**PROBLEM TO WORK ON:** In the listing below, find each line that holds the string "units" and copy it.

=======

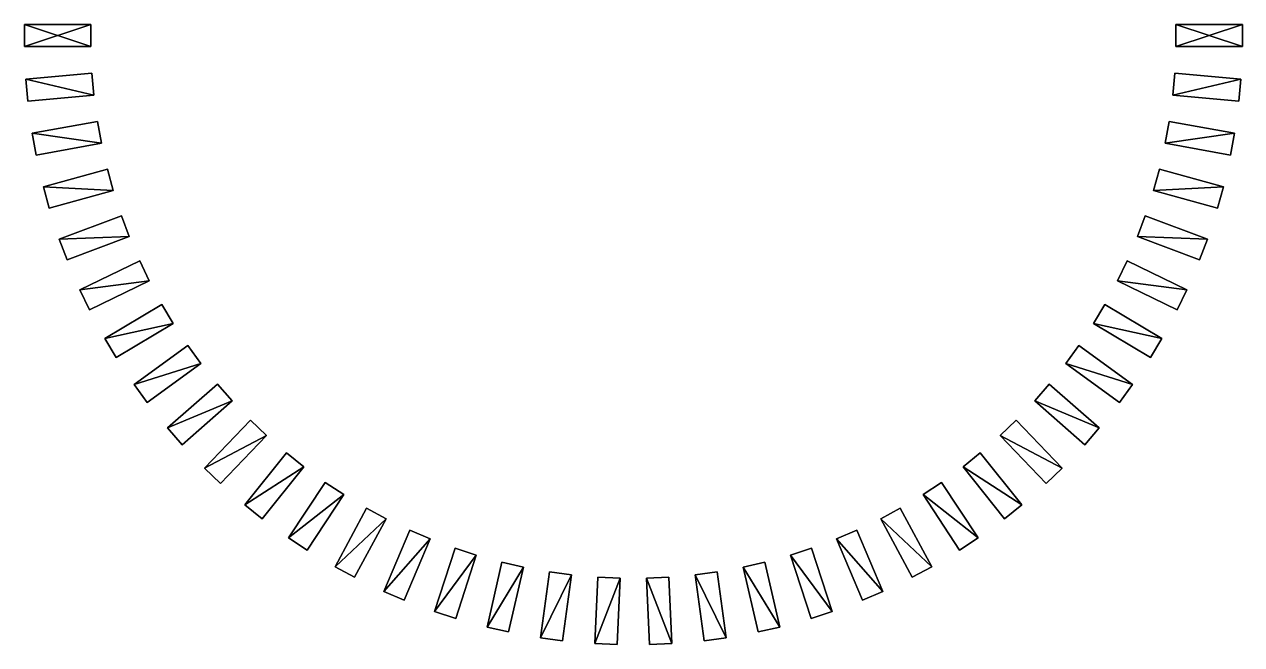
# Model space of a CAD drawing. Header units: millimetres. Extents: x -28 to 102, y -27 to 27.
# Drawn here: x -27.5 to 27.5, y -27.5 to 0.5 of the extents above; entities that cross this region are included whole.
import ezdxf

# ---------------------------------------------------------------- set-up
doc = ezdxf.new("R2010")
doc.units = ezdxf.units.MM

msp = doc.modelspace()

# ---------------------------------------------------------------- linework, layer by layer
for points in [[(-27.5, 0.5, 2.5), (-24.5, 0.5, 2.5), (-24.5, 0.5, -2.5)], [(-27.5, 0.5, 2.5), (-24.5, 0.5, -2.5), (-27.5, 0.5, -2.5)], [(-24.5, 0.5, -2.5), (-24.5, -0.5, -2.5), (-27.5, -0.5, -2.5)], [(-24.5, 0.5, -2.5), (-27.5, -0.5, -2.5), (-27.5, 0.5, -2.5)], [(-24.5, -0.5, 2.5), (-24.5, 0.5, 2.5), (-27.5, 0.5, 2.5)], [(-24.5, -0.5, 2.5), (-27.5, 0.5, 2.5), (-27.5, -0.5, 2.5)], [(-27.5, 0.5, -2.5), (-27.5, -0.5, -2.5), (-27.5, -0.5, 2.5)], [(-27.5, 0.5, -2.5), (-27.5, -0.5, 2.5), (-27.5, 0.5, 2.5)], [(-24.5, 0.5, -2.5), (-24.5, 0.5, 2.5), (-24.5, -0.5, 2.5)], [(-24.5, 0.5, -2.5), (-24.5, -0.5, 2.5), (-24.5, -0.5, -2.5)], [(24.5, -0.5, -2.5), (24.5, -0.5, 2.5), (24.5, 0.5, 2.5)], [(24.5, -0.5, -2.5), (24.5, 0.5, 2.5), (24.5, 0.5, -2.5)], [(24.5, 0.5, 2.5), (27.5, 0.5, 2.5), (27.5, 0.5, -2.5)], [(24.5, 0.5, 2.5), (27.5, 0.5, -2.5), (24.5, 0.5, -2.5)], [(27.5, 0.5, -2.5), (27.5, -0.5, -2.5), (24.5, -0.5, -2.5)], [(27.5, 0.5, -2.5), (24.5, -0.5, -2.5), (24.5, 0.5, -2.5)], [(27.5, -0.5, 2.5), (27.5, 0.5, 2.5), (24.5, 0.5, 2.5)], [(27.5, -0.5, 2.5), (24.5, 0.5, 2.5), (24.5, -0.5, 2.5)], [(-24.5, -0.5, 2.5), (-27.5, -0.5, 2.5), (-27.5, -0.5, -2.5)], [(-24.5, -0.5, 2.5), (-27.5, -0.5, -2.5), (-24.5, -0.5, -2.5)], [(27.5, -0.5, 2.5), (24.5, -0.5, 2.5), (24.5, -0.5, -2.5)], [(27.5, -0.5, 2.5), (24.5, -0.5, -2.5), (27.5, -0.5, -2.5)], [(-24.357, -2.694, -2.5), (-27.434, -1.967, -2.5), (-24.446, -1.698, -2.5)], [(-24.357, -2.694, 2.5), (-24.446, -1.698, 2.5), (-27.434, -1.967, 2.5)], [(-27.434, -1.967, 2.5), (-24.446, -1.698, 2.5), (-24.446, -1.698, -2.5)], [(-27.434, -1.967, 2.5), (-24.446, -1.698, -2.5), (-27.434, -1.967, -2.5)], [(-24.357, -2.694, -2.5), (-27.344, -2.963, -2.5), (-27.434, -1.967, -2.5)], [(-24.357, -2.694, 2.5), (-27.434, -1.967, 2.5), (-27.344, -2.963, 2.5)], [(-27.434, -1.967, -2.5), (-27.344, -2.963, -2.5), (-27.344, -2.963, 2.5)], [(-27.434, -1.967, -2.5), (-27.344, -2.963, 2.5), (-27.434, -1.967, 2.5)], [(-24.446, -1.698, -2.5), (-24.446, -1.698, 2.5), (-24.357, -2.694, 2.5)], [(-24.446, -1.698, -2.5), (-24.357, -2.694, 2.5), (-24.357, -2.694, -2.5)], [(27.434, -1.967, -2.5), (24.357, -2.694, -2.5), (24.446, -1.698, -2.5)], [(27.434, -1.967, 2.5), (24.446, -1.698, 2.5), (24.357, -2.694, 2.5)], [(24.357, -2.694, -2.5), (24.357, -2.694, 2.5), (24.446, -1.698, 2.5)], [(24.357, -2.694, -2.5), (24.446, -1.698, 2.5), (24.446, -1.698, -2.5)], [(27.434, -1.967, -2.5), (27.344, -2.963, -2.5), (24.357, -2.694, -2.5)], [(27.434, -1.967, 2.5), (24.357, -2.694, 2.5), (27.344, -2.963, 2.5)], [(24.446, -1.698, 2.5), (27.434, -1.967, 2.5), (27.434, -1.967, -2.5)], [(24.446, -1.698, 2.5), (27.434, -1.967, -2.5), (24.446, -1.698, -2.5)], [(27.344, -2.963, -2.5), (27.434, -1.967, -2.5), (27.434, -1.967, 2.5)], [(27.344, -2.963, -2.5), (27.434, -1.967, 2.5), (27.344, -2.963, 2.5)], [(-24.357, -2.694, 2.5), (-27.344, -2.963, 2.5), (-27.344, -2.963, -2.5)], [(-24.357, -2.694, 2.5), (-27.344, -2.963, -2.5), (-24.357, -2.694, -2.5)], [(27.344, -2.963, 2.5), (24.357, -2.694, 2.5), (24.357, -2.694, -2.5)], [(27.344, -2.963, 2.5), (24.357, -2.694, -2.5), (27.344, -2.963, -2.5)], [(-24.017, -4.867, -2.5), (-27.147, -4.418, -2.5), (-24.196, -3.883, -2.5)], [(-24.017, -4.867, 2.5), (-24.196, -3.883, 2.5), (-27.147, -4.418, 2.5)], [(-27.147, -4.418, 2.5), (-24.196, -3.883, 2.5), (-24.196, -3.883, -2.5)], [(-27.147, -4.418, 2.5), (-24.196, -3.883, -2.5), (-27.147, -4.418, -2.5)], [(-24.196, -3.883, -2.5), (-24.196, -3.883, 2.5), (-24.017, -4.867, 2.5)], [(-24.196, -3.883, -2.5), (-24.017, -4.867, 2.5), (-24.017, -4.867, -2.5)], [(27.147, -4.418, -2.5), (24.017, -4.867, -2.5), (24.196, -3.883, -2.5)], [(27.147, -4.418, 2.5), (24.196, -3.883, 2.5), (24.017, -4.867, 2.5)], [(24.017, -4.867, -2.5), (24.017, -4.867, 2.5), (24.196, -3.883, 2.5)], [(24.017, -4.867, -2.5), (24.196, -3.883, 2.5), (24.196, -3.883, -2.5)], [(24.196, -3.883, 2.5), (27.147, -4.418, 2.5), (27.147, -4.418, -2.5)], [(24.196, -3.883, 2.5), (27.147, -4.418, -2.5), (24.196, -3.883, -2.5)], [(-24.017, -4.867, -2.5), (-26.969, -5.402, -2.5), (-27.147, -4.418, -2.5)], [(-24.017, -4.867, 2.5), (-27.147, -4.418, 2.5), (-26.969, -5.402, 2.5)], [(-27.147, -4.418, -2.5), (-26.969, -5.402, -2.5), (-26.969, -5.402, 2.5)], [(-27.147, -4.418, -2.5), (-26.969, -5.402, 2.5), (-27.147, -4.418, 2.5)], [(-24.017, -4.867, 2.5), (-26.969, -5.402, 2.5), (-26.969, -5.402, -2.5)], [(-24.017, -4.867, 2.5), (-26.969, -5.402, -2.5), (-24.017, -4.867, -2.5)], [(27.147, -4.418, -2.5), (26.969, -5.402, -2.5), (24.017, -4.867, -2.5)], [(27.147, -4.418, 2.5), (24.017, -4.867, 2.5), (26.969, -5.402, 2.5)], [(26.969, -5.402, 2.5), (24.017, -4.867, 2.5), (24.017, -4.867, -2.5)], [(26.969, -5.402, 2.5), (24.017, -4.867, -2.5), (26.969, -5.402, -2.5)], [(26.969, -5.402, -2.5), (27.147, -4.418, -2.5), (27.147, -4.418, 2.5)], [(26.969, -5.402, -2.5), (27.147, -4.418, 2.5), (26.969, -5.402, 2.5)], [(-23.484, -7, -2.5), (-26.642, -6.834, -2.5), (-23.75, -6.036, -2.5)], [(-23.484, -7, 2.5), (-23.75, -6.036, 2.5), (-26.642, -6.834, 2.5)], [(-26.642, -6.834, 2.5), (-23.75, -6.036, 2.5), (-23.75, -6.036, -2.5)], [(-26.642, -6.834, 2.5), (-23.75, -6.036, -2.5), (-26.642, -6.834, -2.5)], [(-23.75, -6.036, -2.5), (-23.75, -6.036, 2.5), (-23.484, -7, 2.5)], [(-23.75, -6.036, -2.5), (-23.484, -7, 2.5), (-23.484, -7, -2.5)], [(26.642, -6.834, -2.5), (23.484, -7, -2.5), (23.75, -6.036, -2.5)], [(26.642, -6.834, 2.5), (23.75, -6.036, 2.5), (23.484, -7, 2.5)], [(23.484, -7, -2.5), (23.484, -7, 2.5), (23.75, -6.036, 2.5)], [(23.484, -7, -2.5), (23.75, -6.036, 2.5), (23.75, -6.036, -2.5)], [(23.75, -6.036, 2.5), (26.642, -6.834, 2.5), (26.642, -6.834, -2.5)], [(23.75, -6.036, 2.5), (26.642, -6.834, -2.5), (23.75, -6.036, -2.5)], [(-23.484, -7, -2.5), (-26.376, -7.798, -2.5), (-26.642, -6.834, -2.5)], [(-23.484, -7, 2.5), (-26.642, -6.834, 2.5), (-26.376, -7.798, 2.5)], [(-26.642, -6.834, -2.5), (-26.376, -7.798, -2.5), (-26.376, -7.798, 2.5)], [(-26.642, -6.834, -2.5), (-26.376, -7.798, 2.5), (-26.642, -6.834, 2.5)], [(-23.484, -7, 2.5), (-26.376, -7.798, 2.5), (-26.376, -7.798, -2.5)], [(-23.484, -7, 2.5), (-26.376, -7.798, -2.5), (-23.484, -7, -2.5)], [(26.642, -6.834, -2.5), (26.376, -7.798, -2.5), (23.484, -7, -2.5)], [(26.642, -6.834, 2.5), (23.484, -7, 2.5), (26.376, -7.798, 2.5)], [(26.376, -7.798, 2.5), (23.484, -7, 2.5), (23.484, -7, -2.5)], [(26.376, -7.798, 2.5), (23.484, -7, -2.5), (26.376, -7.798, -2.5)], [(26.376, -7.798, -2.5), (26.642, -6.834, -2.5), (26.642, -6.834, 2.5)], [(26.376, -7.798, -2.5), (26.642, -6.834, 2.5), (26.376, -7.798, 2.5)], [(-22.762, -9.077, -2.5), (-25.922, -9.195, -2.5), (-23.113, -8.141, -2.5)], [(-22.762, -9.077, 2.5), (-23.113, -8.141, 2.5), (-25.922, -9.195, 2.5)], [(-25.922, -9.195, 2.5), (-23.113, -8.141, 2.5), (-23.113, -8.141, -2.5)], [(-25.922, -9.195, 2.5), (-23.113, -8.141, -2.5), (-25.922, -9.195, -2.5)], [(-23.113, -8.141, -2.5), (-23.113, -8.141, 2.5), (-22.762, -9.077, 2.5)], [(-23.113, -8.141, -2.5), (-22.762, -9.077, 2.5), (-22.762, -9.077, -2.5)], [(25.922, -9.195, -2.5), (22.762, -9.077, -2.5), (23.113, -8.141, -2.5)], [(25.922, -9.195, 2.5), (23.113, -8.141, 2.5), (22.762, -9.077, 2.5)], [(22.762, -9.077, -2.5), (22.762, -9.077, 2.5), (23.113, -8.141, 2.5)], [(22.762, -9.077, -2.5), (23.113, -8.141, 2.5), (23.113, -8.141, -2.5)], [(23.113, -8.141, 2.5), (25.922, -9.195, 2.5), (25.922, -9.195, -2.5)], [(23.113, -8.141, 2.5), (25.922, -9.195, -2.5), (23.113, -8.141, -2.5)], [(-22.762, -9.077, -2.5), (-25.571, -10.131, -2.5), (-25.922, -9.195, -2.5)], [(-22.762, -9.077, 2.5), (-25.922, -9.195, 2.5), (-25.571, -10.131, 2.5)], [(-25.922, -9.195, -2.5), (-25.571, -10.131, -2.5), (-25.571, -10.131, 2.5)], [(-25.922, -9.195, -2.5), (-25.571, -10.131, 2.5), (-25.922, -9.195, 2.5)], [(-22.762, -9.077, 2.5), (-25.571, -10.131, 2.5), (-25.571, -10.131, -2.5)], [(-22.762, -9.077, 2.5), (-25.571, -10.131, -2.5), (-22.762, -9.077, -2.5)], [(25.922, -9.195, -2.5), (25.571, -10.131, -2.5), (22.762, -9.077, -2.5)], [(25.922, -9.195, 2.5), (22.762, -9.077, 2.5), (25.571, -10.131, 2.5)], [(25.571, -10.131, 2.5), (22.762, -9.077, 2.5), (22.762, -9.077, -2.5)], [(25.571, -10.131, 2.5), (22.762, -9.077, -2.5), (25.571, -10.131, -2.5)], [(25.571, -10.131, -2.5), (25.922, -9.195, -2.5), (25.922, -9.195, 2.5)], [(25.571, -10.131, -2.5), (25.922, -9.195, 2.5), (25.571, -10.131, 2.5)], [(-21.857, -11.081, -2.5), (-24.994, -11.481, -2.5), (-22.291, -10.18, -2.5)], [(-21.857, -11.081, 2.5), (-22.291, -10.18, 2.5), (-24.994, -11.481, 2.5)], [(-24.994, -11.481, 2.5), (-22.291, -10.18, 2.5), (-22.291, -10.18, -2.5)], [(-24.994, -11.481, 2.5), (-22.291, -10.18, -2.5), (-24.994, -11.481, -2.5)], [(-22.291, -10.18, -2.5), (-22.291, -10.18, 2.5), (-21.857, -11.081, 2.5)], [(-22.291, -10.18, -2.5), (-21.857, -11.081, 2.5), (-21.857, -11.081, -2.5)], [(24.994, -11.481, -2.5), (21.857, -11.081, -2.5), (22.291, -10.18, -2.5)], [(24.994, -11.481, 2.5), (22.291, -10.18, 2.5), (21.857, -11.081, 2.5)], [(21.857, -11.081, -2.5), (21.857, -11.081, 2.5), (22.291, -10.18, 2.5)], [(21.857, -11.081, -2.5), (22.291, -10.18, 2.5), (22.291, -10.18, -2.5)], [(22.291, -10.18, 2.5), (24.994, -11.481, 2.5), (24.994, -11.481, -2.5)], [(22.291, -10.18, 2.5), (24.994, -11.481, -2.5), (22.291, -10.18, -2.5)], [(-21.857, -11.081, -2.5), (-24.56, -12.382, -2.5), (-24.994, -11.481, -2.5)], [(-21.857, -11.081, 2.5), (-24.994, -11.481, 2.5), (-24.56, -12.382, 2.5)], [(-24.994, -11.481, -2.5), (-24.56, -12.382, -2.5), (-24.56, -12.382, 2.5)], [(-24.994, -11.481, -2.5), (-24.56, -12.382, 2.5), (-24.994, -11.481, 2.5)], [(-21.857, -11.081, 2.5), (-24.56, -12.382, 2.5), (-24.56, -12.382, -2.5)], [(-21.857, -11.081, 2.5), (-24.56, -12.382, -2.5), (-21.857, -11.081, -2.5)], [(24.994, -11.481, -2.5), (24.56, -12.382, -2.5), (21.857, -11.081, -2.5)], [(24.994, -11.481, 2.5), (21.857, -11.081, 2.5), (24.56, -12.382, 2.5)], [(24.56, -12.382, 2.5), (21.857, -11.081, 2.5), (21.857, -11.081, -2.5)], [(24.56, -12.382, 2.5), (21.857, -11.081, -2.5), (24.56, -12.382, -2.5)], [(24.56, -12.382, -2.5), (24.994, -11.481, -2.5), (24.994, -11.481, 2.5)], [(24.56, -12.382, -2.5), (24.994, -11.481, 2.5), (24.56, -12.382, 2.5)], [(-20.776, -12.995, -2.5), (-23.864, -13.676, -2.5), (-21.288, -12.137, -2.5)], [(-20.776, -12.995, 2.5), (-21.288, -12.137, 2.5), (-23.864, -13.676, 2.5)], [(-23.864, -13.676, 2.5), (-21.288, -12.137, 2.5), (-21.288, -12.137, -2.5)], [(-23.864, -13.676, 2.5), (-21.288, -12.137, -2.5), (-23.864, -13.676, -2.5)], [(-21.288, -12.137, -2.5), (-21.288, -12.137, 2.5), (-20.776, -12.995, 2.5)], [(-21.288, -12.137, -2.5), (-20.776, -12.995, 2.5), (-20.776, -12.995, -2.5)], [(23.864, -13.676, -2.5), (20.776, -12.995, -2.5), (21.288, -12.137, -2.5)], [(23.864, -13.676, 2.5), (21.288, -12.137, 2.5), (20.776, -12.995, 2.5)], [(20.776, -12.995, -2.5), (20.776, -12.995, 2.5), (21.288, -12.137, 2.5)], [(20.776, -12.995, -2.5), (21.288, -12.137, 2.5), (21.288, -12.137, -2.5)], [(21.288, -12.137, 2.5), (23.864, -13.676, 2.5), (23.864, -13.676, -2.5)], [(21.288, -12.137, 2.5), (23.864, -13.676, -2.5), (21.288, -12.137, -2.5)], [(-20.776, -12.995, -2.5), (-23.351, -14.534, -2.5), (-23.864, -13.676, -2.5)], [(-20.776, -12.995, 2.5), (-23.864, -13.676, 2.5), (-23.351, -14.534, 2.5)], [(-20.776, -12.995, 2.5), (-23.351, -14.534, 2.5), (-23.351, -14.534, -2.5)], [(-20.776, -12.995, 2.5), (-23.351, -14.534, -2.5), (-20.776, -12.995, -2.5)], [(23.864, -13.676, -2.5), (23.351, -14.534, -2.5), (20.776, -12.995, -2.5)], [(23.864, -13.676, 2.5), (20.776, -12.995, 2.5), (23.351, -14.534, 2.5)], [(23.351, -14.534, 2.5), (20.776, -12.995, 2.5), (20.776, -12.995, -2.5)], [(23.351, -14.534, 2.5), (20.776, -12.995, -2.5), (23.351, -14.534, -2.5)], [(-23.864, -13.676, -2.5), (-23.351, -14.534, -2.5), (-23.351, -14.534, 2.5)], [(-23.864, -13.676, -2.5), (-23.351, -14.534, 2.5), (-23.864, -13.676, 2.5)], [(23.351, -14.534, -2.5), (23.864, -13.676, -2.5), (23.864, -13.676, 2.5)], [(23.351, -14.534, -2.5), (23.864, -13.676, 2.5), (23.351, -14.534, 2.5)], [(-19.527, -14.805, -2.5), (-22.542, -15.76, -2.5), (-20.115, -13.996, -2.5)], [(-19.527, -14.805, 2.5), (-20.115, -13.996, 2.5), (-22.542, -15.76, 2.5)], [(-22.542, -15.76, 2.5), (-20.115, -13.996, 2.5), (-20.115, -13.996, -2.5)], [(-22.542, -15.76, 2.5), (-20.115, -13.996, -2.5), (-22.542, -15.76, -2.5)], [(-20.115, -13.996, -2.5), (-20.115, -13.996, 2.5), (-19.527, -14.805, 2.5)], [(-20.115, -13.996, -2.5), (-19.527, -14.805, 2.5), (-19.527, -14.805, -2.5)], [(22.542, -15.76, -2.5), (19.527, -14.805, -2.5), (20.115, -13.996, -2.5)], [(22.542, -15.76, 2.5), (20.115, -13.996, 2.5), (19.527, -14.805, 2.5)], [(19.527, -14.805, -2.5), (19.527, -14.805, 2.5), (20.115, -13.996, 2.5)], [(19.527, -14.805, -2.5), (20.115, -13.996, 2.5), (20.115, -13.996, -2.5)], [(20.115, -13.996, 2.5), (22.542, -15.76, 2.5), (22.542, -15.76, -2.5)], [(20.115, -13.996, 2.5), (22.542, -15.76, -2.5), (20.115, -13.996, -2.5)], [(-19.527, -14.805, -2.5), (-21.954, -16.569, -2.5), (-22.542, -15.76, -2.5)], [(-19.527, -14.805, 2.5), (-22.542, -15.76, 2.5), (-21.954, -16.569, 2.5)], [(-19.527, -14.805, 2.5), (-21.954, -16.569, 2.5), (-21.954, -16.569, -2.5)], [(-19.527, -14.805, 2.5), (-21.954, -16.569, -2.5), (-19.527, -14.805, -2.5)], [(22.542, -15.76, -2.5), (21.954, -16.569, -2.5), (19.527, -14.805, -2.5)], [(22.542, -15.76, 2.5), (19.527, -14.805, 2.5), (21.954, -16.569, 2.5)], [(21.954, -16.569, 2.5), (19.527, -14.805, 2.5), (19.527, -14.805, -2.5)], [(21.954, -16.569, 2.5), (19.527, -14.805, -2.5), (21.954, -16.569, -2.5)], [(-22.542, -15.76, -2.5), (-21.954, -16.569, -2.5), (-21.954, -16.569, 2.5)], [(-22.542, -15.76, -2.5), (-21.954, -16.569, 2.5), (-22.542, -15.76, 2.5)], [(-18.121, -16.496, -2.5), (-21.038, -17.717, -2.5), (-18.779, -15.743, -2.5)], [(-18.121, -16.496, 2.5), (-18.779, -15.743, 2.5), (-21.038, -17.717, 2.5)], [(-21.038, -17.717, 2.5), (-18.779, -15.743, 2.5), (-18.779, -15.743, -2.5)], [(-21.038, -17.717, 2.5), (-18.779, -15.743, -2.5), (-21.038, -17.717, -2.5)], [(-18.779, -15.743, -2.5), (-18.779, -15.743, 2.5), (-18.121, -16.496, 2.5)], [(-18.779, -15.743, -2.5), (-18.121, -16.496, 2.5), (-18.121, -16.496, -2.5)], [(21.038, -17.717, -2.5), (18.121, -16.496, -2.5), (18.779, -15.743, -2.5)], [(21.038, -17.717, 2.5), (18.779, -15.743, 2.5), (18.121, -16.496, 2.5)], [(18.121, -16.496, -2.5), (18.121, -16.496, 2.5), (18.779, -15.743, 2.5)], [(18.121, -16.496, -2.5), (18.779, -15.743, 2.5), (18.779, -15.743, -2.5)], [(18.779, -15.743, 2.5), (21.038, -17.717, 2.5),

=======

**REPLY TO THE EXERCISE:**
# Model space of a CAD drawing. Header units: millimetres. Extents: x -28 to 102, y -27 to 27.
doc.units = ezdxf.units.MM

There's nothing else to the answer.